A new project spearheaded by Brynjolfsson and Carnegie Mellon assistant professor Avinash Collis is crafting a tool for measuring the size and value of our increasingly digital economy. Called GDP-B — the “B” stands for “benefit” — the basic hope is to understand how much value something like Google creates. Early estimates from the work suggest that trillions of dollars of value from digital goods are currently missing in discussions of the U.S. economy, to say nothing of economies around the world.
Measuring well-being, not just production
Nobel-winning economist Paul Samuelson called GDP “among the great inventions of the twentieth century.” It offers a pithy measure of an economy’s production. But it has limits. As noted above, it overlooks the economic value of most free digital goods. It also conflates the production of beneficial goods, like new wind turbines and schools, with the production that’s connected to houses destroyed by wildfire or people sentenced to prison.

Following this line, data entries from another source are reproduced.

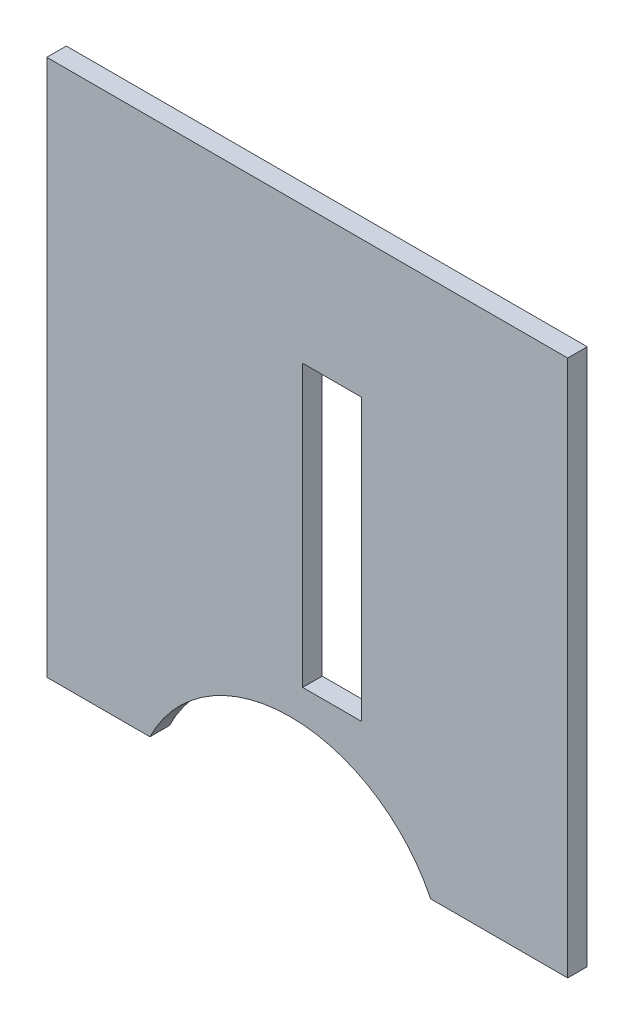
ISO-10303-21;
HEADER;
FILE_DESCRIPTION(('STEP AP214'),'2;1');
FILE_NAME('part.step','',(''),(''),'','','');
FILE_SCHEMA(('AUTOMOTIVE_DESIGN { 1 0 10303 214 1 1 1 1 }'));
ENDSEC;
DATA;
#1=APPLICATION_CONTEXT('core data for automotive mechanical design processes');
#2=APPLICATION_PROTOCOL_DEFINITION('international standard','automotive_design',2000,#1);
#3=PRODUCT_CONTEXT('',#1,'mechanical');
#4=PRODUCT('Part','Part','',(#3));
#5=PRODUCT_RELATED_PRODUCT_CATEGORY('part','',(#4));
#6=PRODUCT_DEFINITION_FORMATION('','',#4);
#7=PRODUCT_DEFINITION_CONTEXT('part definition',#1,'design');
#8=PRODUCT_DEFINITION('design','',#6,#7);
#9=PRODUCT_DEFINITION_SHAPE('','',#8);
#10=(LENGTH_UNIT() NAMED_UNIT(*) SI_UNIT(.MILLI.,.METRE.));
#11=(NAMED_UNIT(*) PLANE_ANGLE_UNIT() SI_UNIT($,.RADIAN.));
#12=(NAMED_UNIT(*) SI_UNIT($,.STERADIAN.) SOLID_ANGLE_UNIT());
#13=UNCERTAINTY_MEASURE_WITH_UNIT(LENGTH_MEASURE(1.E-05),#10,'distance_accuracy_value','');
#14=(GEOMETRIC_REPRESENTATION_CONTEXT(3) GLOBAL_UNCERTAINTY_ASSIGNED_CONTEXT((#13)) GLOBAL_UNIT_ASSIGNED_CONTEXT((#10,
#11,#12)) REPRESENTATION_CONTEXT('',''));
#15=CARTESIAN_POINT('',(0.,0.,0.));
#16=DIRECTION('',(0.,0.,1.));
#17=DIRECTION('',(1.,0.,0.));
#18=AXIS2_PLACEMENT_3D('',#15,#16,#17);
#19=CARTESIAN_POINT('',(0.,0.,-3.00000000000001));
#20=DIRECTION('',(-1.,0.,0.));
#21=DIRECTION('',(0.,-1.,0.));
#22=AXIS2_PLACEMENT_3D('',#19,#20,#21);
#23=PLANE('',#22);
#24=DIRECTION('',(0.,-1.,0.));
#25=VECTOR('',#24,1.);
#26=CARTESIAN_POINT('',(0.,0.,0.));
#27=LINE('',#26,#25);
#28=CARTESIAN_POINT('',(0.,0.,0.));
#29=VERTEX_POINT('',#28);
#30=CARTESIAN_POINT('',(0.,-82.4570091423777,0.));
#31=VERTEX_POINT('',#30);
#32=EDGE_CURVE('E143',#29,#31,#27,.T.);
#33=ORIENTED_EDGE('',*,*,#32,.F.);
#34=DIRECTION('',(0.,0.,1.));
#35=VECTOR('',#34,1.);
#36=CARTESIAN_POINT('',(0.,0.,-3.00000000000001));
#37=LINE('',#36,#35);
#38=CARTESIAN_POINT('',(0.,0.,-3.00000000000001));
#39=VERTEX_POINT('',#38);
#40=EDGE_CURVE('E11',#39,#29,#37,.T.);
#41=ORIENTED_EDGE('',*,*,#40,.F.);
#42=DIRECTION('',(0.,-1.,0.));
#43=VECTOR('',#42,1.);
#44=CARTESIAN_POINT('',(0.,0.,-3.00000000000001));
#45=LINE('',#44,#43);
#46=CARTESIAN_POINT('',(0.,-82.4570091423777,-3.00000000000001));
#47=VERTEX_POINT('',#46);
#48=EDGE_CURVE('E147',#39,#47,#45,.T.);
#49=ORIENTED_EDGE('',*,*,#48,.T.);
#50=DIRECTION('',(0.,0.,1.));
#51=VECTOR('',#50,1.);
#52=CARTESIAN_POINT('',(0.,-82.4570091423777,-3.00000000000001));
#53=LINE('',#52,#51);
#54=EDGE_CURVE('E36',#47,#31,#53,.T.);
#55=ORIENTED_EDGE('',*,*,#54,.T.);
#56=EDGE_LOOP('',(#33,#41,#49,#55));
#57=FACE_BOUND('',#56,.T.);
#58=ADVANCED_FACE('F33',(#57),#23,.T.);
#59=CARTESIAN_POINT('',(0.,0.,-3.00000000000001));
#60=DIRECTION('',(0.,1.,0.));
#61=DIRECTION('',(0.,0.,1.));
#62=AXIS2_PLACEMENT_3D('',#59,#60,#61);
#63=PLANE('',#62);
#64=DIRECTION('',(-1.,0.,0.));
#65=VECTOR('',#64,1.);
#66=CARTESIAN_POINT('',(0.,0.,0.));
#67=LINE('',#66,#65);
#68=CARTESIAN_POINT('',(80.,0.,0.));
#69=VERTEX_POINT('',#68);
#70=EDGE_CURVE('E151',#69,#29,#67,.T.);
#71=ORIENTED_EDGE('',*,*,#70,.F.);
#72=DIRECTION('',(0.,0.,1.));
#73=VECTOR('',#72,1.);
#74=CARTESIAN_POINT('',(80.,0.,-3.00000000000001));
#75=LINE('',#74,#73);
#76=CARTESIAN_POINT('',(80.,0.,-3.00000000000001));
#77=VERTEX_POINT('',#76);
#78=EDGE_CURVE('E41',#77,#69,#75,.T.);
#79=ORIENTED_EDGE('',*,*,#78,.F.);
#80=DIRECTION('',(-1.,0.,0.));
#81=VECTOR('',#80,1.);
#82=CARTESIAN_POINT('',(0.,0.,-3.00000000000001));
#83=LINE('',#82,#81);
#84=EDGE_CURVE('E163',#77,#39,#83,.T.);
#85=ORIENTED_EDGE('',*,*,#84,.T.);
#86=ORIENTED_EDGE('',*,*,#40,.T.);
#87=EDGE_LOOP('',(#71,#79,#85,#86));
#88=FACE_BOUND('',#87,.T.);
#89=ADVANCED_FACE('F200',(#88),#63,.T.);
#90=CARTESIAN_POINT('',(80.,0.,-3.00000000000001));
#91=DIRECTION('',(1.,0.,0.));
#92=DIRECTION('',(0.,1.,0.));
#93=AXIS2_PLACEMENT_3D('',#90,#91,#92);
#94=PLANE('',#93);
#95=DIRECTION('',(0.,1.,0.));
#96=VECTOR('',#95,1.);
#97=CARTESIAN_POINT('',(80.,0.,0.));
#98=LINE('',#97,#96);
#99=CARTESIAN_POINT('',(80.,-82.4570091423777,0.));
#100=VERTEX_POINT('',#99);
#101=EDGE_CURVE('E177',#100,#69,#98,.T.);
#102=ORIENTED_EDGE('',*,*,#101,.F.);
#103=DIRECTION('',(0.,0.,1.));
#104=VECTOR('',#103,1.);
#105=CARTESIAN_POINT('',(80.,-82.4570091423777,-3.00000000000001));
#106=LINE('',#105,#104);
#107=CARTESIAN_POINT('',(80.,-82.4570091423777,-3.00000000000001));
#108=VERTEX_POINT('',#107);
#109=EDGE_CURVE('E183',#108,#100,#106,.T.);
#110=ORIENTED_EDGE('',*,*,#109,.F.);
#111=DIRECTION('',(0.,1.,0.));
#112=VECTOR('',#111,1.);
#113=CARTESIAN_POINT('',(80.,0.,-3.00000000000001));
#114=LINE('',#113,#112);
#115=EDGE_CURVE('E160',#108,#77,#114,.T.);
#116=ORIENTED_EDGE('',*,*,#115,.T.);
#117=ORIENTED_EDGE('',*,*,#78,.T.);
#118=EDGE_LOOP('',(#102,#110,#116,#117));
#119=FACE_BOUND('',#118,.T.);
#120=ADVANCED_FACE('F211',(#119),#94,.T.);
#121=CARTESIAN_POINT('',(58.9568434609523,-82.4570091423777,-3.00000000000001));
#122=DIRECTION('',(0.,-1.,0.));
#123=DIRECTION('',(0.,0.,-1.));
#124=AXIS2_PLACEMENT_3D('',#121,#122,#123);
#125=PLANE('',#124);
#126=DIRECTION('',(1.,0.,0.));
#127=VECTOR('',#126,1.);
#128=CARTESIAN_POINT('',(58.9568434609523,-82.4570091423777,0.));
#129=LINE('',#128,#127);
#130=CARTESIAN_POINT('',(58.9568434609523,-82.4570091423777,0.));
#131=VERTEX_POINT('',#130);
#132=EDGE_CURVE('E174',#131,#100,#129,.T.);
#133=ORIENTED_EDGE('',*,*,#132,.F.);
#134=DIRECTION('',(0.,0.,1.));
#135=VECTOR('',#134,1.);
#136=CARTESIAN_POINT('',(58.9568434609523,-82.4570091423777,-3.00000000000001));
#137=LINE('',#136,#135);
#138=CARTESIAN_POINT('',(58.9568434609523,-82.4570091423777,-3.00000000000001));
#139=VERTEX_POINT('',#138);
#140=EDGE_CURVE('E185',#139,#131,#137,.T.);
#141=ORIENTED_EDGE('',*,*,#140,.F.);
#142=DIRECTION('',(1.,0.,0.));
#143=VECTOR('',#142,1.);
#144=CARTESIAN_POINT('',(58.9568434609523,-82.4570091423777,-3.00000000000001));
#145=LINE('',#144,#143);
#146=EDGE_CURVE('E157',#139,#108,#145,.T.);
#147=ORIENTED_EDGE('',*,*,#146,.T.);
#148=ORIENTED_EDGE('',*,*,#109,.T.);
#149=EDGE_LOOP('',(#133,#141,#147,#148));
#150=FACE_BOUND('',#149,.T.);
#151=ADVANCED_FACE('F209',(#150),#125,.T.);
#152=CARTESIAN_POINT('',(37.4,-93.0070091423777,-3.00000000000001));
#153=DIRECTION('',(0.,0.,1.));
#154=DIRECTION('',(1.,0.,0.));
#155=AXIS2_PLACEMENT_3D('',#152,#153,#154);
#156=CYLINDRICAL_SURFACE('',#155,24.);
#157=CARTESIAN_POINT('',(37.4,-93.0070091423777,0.));
#158=DIRECTION('',(0.,0.,-1.));
#159=DIRECTION('',(1.,0.,0.));
#160=AXIS2_PLACEMENT_3D('',#157,#158,#159);
#161=CIRCLE('',#160,24.);
#162=CARTESIAN_POINT('',(15.8431565390477,-82.4570091423777,0.));
#163=VERTEX_POINT('',#162);
#164=EDGE_CURVE('E171',#163,#131,#161,.T.);
#165=ORIENTED_EDGE('',*,*,#164,.F.);
#166=DIRECTION('',(0.,0.,1.));
#167=VECTOR('',#166,1.);
#168=CARTESIAN_POINT('',(15.8431565390477,-82.4570091423777,-3.00000000000001));
#169=LINE('',#168,#167);
#170=CARTESIAN_POINT('',(15.8431565390477,-82.4570091423777,-3.00000000000001));
#171=VERTEX_POINT('',#170);
#172=EDGE_CURVE('E186',#171,#163,#169,.T.);
#173=ORIENTED_EDGE('',*,*,#172,.F.);
#174=CARTESIAN_POINT('',(37.4,-93.0070091423777,-3.00000000000001));
#175=DIRECTION('',(0.,0.,-1.));
#176=DIRECTION('',(1.,0.,0.));
#177=AXIS2_PLACEMENT_3D('',#174,#175,#176);
#178=CIRCLE('',#177,24.);
#179=EDGE_CURVE('E154',#171,#139,#178,.T.);
#180=ORIENTED_EDGE('',*,*,#179,.T.);
#181=ORIENTED_EDGE('',*,*,#140,.T.);
#182=EDGE_LOOP('',(#165,#173,#180,#181));
#183=FACE_BOUND('',#182,.T.);
#184=ADVANCED_FACE('F206',(#183),#156,.F.);
#185=CARTESIAN_POINT('',(0.,-82.4570091423777,-3.00000000000001));
#186=DIRECTION('',(0.,-1.,0.));
#187=DIRECTION('',(0.,0.,-1.));
#188=AXIS2_PLACEMENT_3D('',#185,#186,#187);
#189=PLANE('',#188);
#190=DIRECTION('',(1.,0.,0.));
#191=VECTOR('',#190,1.);
#192=CARTESIAN_POINT('',(0.,-82.4570091423777,0.));
#193=LINE('',#192,#191);
#194=EDGE_CURVE('E168',#31,#163,#193,.T.);
#195=ORIENTED_EDGE('',*,*,#194,.F.);
#196=ORIENTED_EDGE('',*,*,#54,.F.);
#197=DIRECTION('',(1.,0.,0.));
#198=VECTOR('',#197,1.);
#199=CARTESIAN_POINT('',(0.,-82.4570091423777,-3.00000000000001));
#200=LINE('',#199,#198);
#201=EDGE_CURVE('E150',#47,#171,#200,.T.);
#202=ORIENTED_EDGE('',*,*,#201,.T.);
#203=ORIENTED_EDGE('',*,*,#172,.T.);
#204=EDGE_LOOP('',(#195,#196,#202,#203));
#205=FACE_BOUND('',#204,.T.);
#206=ADVANCED_FACE('F194',(#205),#189,.T.);
#207=CARTESIAN_POINT('',(37.4,-93.0070091423777,-3.00000000000001));
#208=DIRECTION('',(0.,0.,1.));
#209=DIRECTION('',(1.,0.,0.));
#210=AXIS2_PLACEMENT_3D('',#207,#208,#209);
#211=PLANE('',#210);
#212=DIRECTION('',(-1.,0.,0.));
#213=VECTOR('',#212,1.);
#214=CARTESIAN_POINT('',(39.3,-21.0431565390477,-3.00000000000001));
#215=LINE('',#214,#213);
#216=CARTESIAN_POINT('',(48.3,-21.0431565390477,-3.00000000000001));
#217=VERTEX_POINT('',#216);
#218=CARTESIAN_POINT('',(39.3,-21.0431565390477,-3.00000000000001));
#219=VERTEX_POINT('',#218);
#220=EDGE_CURVE('E118',#217,#219,#215,.T.);
#221=ORIENTED_EDGE('',*,*,#220,.T.);
#222=DIRECTION('',(0.,-1.,0.));
#223=VECTOR('',#222,1.);
#224=CARTESIAN_POINT('',(39.3,-21.0431565390477,-3.00000000000001));
#225=LINE('',#224,#223);
#226=CARTESIAN_POINT('',(39.3,-64.1568434609523,-3.00000000000001));
#227=VERTEX_POINT('',#226);
#228=EDGE_CURVE('E112',#219,#227,#225,.T.);
#229=ORIENTED_EDGE('',*,*,#228,.T.);
#230=DIRECTION('',(1.,0.,0.));
#231=VECTOR('',#230,1.);
#232=CARTESIAN_POINT('',(39.3,-64.1568434609523,-3.00000000000001));
#233=LINE('',#232,#231);
#234=CARTESIAN_POINT('',(48.3,-64.1568434609523,-3.00000000000001));
#235=VERTEX_POINT('',#234);
#236=EDGE_CURVE('E121',#227,#235,#233,.T.);
#237=ORIENTED_EDGE('',*,*,#236,.T.);
#238=DIRECTION('',(0.,1.,0.));
#239=VECTOR('',#238,1.);
#240=CARTESIAN_POINT('',(48.3,-21.0431565390477,-3.00000000000001));
#241=LINE('',#240,#239);
#242=EDGE_CURVE('E49',#235,#217,#241,.T.);
#243=ORIENTED_EDGE('',*,*,#242,.T.);
#244=EDGE_LOOP('',(#221,#229,#237,#243));
#245=FACE_BOUND('',#244,.T.);
#246=ORIENTED_EDGE('',*,*,#48,.F.);
#247=ORIENTED_EDGE('',*,*,#84,.F.);
#248=ORIENTED_EDGE('',*,*,#115,.F.);
#249=ORIENTED_EDGE('',*,*,#146,.F.);
#250=ORIENTED_EDGE('',*,*,#179,.F.);
#251=ORIENTED_EDGE('',*,*,#201,.F.);
#252=EDGE_LOOP('',(#246,#247,#248,#249,#250,#251));
#253=FACE_BOUND('',#252,.T.);
#254=ADVANCED_FACE('F125',(#245,#253),#211,.F.);
#255=CARTESIAN_POINT('',(37.4,-93.0070091423777,0.));
#256=DIRECTION('',(0.,0.,1.));
#257=DIRECTION('',(1.,0.,0.));
#258=AXIS2_PLACEMENT_3D('',#255,#256,#257);
#259=PLANE('',#258);
#260=DIRECTION('',(0.,-1.,0.));
#261=VECTOR('',#260,1.);
#262=CARTESIAN_POINT('',(39.3,-21.0431565390477,0.));
#263=LINE('',#262,#261);
#264=CARTESIAN_POINT('',(39.3,-21.0431565390477,0.));
#265=VERTEX_POINT('',#264);
#266=CARTESIAN_POINT('',(39.3,-64.1568434609523,0.));
#267=VERTEX_POINT('',#266);
#268=EDGE_CURVE('E57',#265,#267,#263,.T.);
#269=ORIENTED_EDGE('',*,*,#268,.F.);
#270=DIRECTION('',(-1.,0.,0.));
#271=VECTOR('',#270,1.);
#272=CARTESIAN_POINT('',(39.3,-21.0431565390477,0.));
#273=LINE('',#272,#271);
#274=CARTESIAN_POINT('',(48.3,-21.0431565390477,0.));
#275=VERTEX_POINT('',#274);
#276=EDGE_CURVE('E128',#275,#265,#273,.T.);
#277=ORIENTED_EDGE('',*,*,#276,.F.);
#278=DIRECTION('',(0.,1.,0.));
#279=VECTOR('',#278,1.);
#280=CARTESIAN_POINT('',(48.3,-21.0431565390477,0.));
#281=LINE('',#280,#279);
#282=CARTESIAN_POINT('',(48.3,-64.1568434609523,0.));
#283=VERTEX_POINT('',#282);
#284=EDGE_CURVE('E131',#283,#275,#281,.T.);
#285=ORIENTED_EDGE('',*,*,#284,.F.);
#286=DIRECTION('',(1.,0.,0.));
#287=VECTOR('',#286,1.);
#288=CARTESIAN_POINT('',(39.3,-64.1568434609523,0.));
#289=LINE('',#288,#287);
#290=EDGE_CURVE('E137',#267,#283,#289,.T.);
#291=ORIENTED_EDGE('',*,*,#290,.F.);
#292=EDGE_LOOP('',(#269,#277,#285,#291));
#293=FACE_BOUND('',#292,.T.);
#294=ORIENTED_EDGE('',*,*,#32,.T.);
#295=ORIENTED_EDGE('',*,*,#194,.T.);
#296=ORIENTED_EDGE('',*,*,#164,.T.);
#297=ORIENTED_EDGE('',*,*,#132,.T.);
#298=ORIENTED_EDGE('',*,*,#101,.T.);
#299=ORIENTED_EDGE('',*,*,#70,.T.);
#300=EDGE_LOOP('',(#294,#295,#296,#297,#298,#299));
#301=FACE_BOUND('',#300,.T.);
#302=ADVANCED_FACE('F196',(#293,#301),#259,.T.);
#303=CARTESIAN_POINT('',(39.3,-21.0431565390477,-3.00000000000001));
#304=DIRECTION('',(-1.,0.,0.));
#305=DIRECTION('',(0.,-1.,0.));
#306=AXIS2_PLACEMENT_3D('',#303,#304,#305);
#307=PLANE('',#306);
#308=ORIENTED_EDGE('',*,*,#268,.T.);
#309=DIRECTION('',(0.,0.,1.));
#310=VECTOR('',#309,1.);
#311=CARTESIAN_POINT('',(39.3,-64.1568434609523,-3.00000000000001));
#312=LINE('',#311,#310);
#313=EDGE_CURVE('E108',#227,#267,#312,.T.);
#314=ORIENTED_EDGE('',*,*,#313,.F.);
#315=ORIENTED_EDGE('',*,*,#228,.F.);
#316=DIRECTION('',(0.,0.,1.));
#317=VECTOR('',#316,1.);
#318=CARTESIAN_POINT('',(39.3,-21.0431565390477,-3.00000000000001));
#319=LINE('',#318,#317);
#320=EDGE_CURVE('E141',#219,#265,#319,.T.);
#321=ORIENTED_EDGE('',*,*,#320,.T.);
#322=EDGE_LOOP('',(#308,#314,#315,#321));
#323=FACE_BOUND('',#322,.T.);
#324=ADVANCED_FACE('F110',(#323),#307,.F.);
#325=CARTESIAN_POINT('',(39.3,-21.0431565390477,-3.00000000000001));
#326=DIRECTION('',(0.,1.,0.));
#327=DIRECTION('',(0.,0.,1.));
#328=AXIS2_PLACEMENT_3D('',#325,#326,#327);
#329=PLANE('',#328);
#330=ORIENTED_EDGE('',*,*,#276,.T.);
#331=ORIENTED_EDGE('',*,*,#320,.F.);
#332=ORIENTED_EDGE('',*,*,#220,.F.);
#333=DIRECTION('',(0.,0.,1.));
#334=VECTOR('',#333,1.);
#335=CARTESIAN_POINT('',(48.3,-21.0431565390477,-3.00000000000001));
#336=LINE('',#335,#334);
#337=EDGE_CURVE('E144',#217,#275,#336,.T.);
#338=ORIENTED_EDGE('',*,*,#337,.T.);
#339=EDGE_LOOP('',(#330,#331,#332,#338));
#340=FACE_BOUND('',#339,.T.);
#341=ADVANCED_FACE('F278',(#340),#329,.F.);
#342=CARTESIAN_POINT('',(48.3,-21.0431565390477,-3.00000000000001));
#343=DIRECTION('',(1.,0.,0.));
#344=DIRECTION('',(0.,1.,0.));
#345=AXIS2_PLACEMENT_3D('',#342,#343,#344);
#346=PLANE('',#345);
#347=ORIENTED_EDGE('',*,*,#284,.T.);
#348=ORIENTED_EDGE('',*,*,#337,.F.);
#349=ORIENTED_EDGE('',*,*,#242,.F.);
#350=DIRECTION('',(0.,0.,1.));
#351=VECTOR('',#350,1.);
#352=CARTESIAN_POINT('',(48.3,-64.1568434609523,-3.00000000000001));
#353=LINE('',#352,#351);
#354=EDGE_CURVE('E117',#235,#283,#353,.T.);
#355=ORIENTED_EDGE('',*,*,#354,.T.);
#356=EDGE_LOOP('',(#347,#348,#349,#355));
#357=FACE_BOUND('',#356,.T.);
#358=ADVANCED_FACE('F287',(#357),#346,.F.);
#359=CARTESIAN_POINT('',(39.3,-64.1568434609523,-3.00000000000001));
#360=DIRECTION('',(0.,-1.,0.));
#361=DIRECTION('',(0.,0.,-1.));
#362=AXIS2_PLACEMENT_3D('',#359,#360,#361);
#363=PLANE('',#362);
#364=ORIENTED_EDGE('',*,*,#290,.T.);
#365=ORIENTED_EDGE('',*,*,#354,.F.);
#366=ORIENTED_EDGE('',*,*,#236,.F.);
#367=ORIENTED_EDGE('',*,*,#313,.T.);
#368=EDGE_LOOP('',(#364,#365,#366,#367));
#369=FACE_BOUND('',#368,.T.);
#370=ADVANCED_FACE('F122',(#369),#363,.F.);
#371=CLOSED_SHELL('',(#58,#89,#120,#151,#184,#206,#254,#302,#324,#341,#358,#370));
#372=MANIFOLD_SOLID_BREP('B2',#371);
#373=ADVANCED_BREP_SHAPE_REPRESENTATION('',(#18,#372),#14);
#374=SHAPE_DEFINITION_REPRESENTATION(#9,#373);
ENDSEC;
END-ISO-10303-21;

“GDP was never meant to measure well-being,” says Collis. “And yet, because we lack other numbers, economists, policymakers — almost everyone — have defaulted to GDP as a proxy for our general welfare.”
GDP-B is designed to address these shortcomings. A new paper by Brynjolfsson, Collis, Stanford postdoctoral scholar Jae Joon Lee, and several collaborators from Meta offers a proof-of-concept by outlining how GDP-B can be measured and interpreted.
The researchers ran an online survey of nearly 40,000 people across 13 countries. Participants were first asked to rank a set of online goods from those they value most to those they value least. The full set of goods included Facebook, Twitter, Instagram, WhatsApp, Snapchat, TikTok, Google Search, Google Maps, YouTube, and Amazon Shopping. This provided information on the comparative value of each.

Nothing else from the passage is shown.